During the battle for Iwo Jima, photographer Joe Rosenthal took the famous photo Raising of the Flag on Iwo Jima of five Marines and one Navy corpsman raising the American flag on Mount Suribachi. Secretary of the Navy James Forrestal, who had come ashore earlier that day to observe the progress of the troops, said of the flag raising on Iwo Jima, "...the raising of that flag on Suribachi means a Marine Corps for the next five hundred years." The acts of the Marines during the war added to their already significant popular reputation, and the Marine Corps War Memorial adjacent to Arlington National Cemetery was dedicated in 1954.
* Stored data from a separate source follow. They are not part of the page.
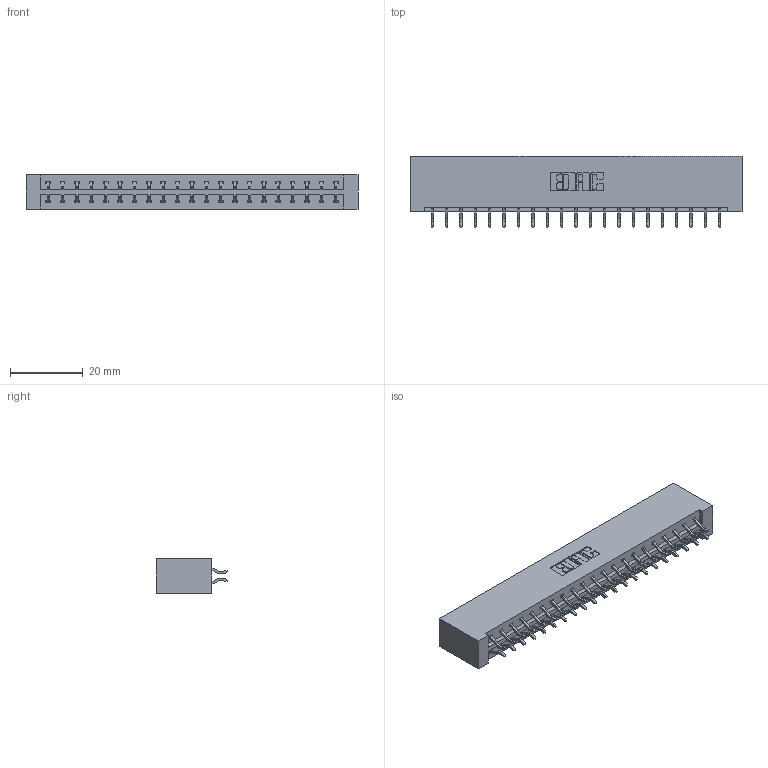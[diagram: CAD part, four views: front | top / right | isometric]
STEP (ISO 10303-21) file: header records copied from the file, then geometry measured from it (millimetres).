
FILE_DESCRIPTION (( 'STEP AP203' ), '1' );
FILE_NAME ('333-042-556-201.STEP', '2018-08-03T19:27:29', ( '' ), ( '' ), 'SwSTEP 2.0', 'SolidWorks 2016', '' );
FILE_SCHEMA (( 'CONFIG_CONTROL_DESIGN' ));
Length unit declared in the file: inch
Products named in the file (3): 333 Part_Lugless; 345-292-001_556 Tail; 333-042-556-201
Assembly tree (43 placements, depth 2):
  333-042-556-201
    333 Part_Lugless
    345-292-001_556 Tail  x42
Bounding box: 91.47 x 19.57 x 9.4 mm (x, y, z)
Volume: 9772.3 mm3; surface area: 11310.5 mm2
Topology: 43 solids, 43 shells, 2542 faces, 7553 edges, 4978 vertices
Faces by surface type: plane 1746, cylinder 796
Entity records: 16169 total; most frequent: CARTESIAN_POINT 2718, ORIENTED_EDGE 2642, DIRECTION 2341, EDGE_CURVE 1321, VECTOR 1193, LINE 1193, VERTEX_POINT 878, AXIS2_PLACEMENT_3D 574

black & white photograph of two Marines advancing up a hill, the one on the left is firing an M1 submachinegun while the one on thr right dashes for cover
Marines at Okinawa
As the Marine Corps grew to its maximum size, Marine aviation also peaked at 5 air wings, 31 aircraft groups and 145 flying squadrons. The Battle of Guadalcanal would teach several lessons, such as the debilitating effects of not having air superiority, the vulnerability of unescorted targets (such as transport shipping), and the vital importance of quickly acquiring expeditionary airfields during amphibious operations. After being dissatisfied with Navy air support at the Battle of Tarawa, General Holland Smith recommended that Marines should do the job, put into effect at New Georgia. The Bougainville and 2nd Philippines campaigns saw the establishment of air liaison parties to coordinate air support with the Marines fighting on the ground, and the Battle of Okinawa brought most of it together with the establishment of aviation command and control in the form of Landing Force Air Support Control Units
Though the vast majority of Marines served in the Pacific Theater, a number of Marines did play a role in the European Theater, North Africa, and Middle East. Mostly serving aboard warships and as guards for naval bases, especially in the British Isles; though some volunteered for duty with the Office of Strategic Services. Numerous observers were dispatched to learn tactics from allied nations, such as Roy Geiger aboard HMS Formidable. Interservice rivalry may have played a role in this; for example, when briefed of a plan for Project Danny, Army Chief of Staff General George Marshall stood and walked out, stating "That's the end of this briefing. As long as I'm in charge, there'll never be a Marine in Europe."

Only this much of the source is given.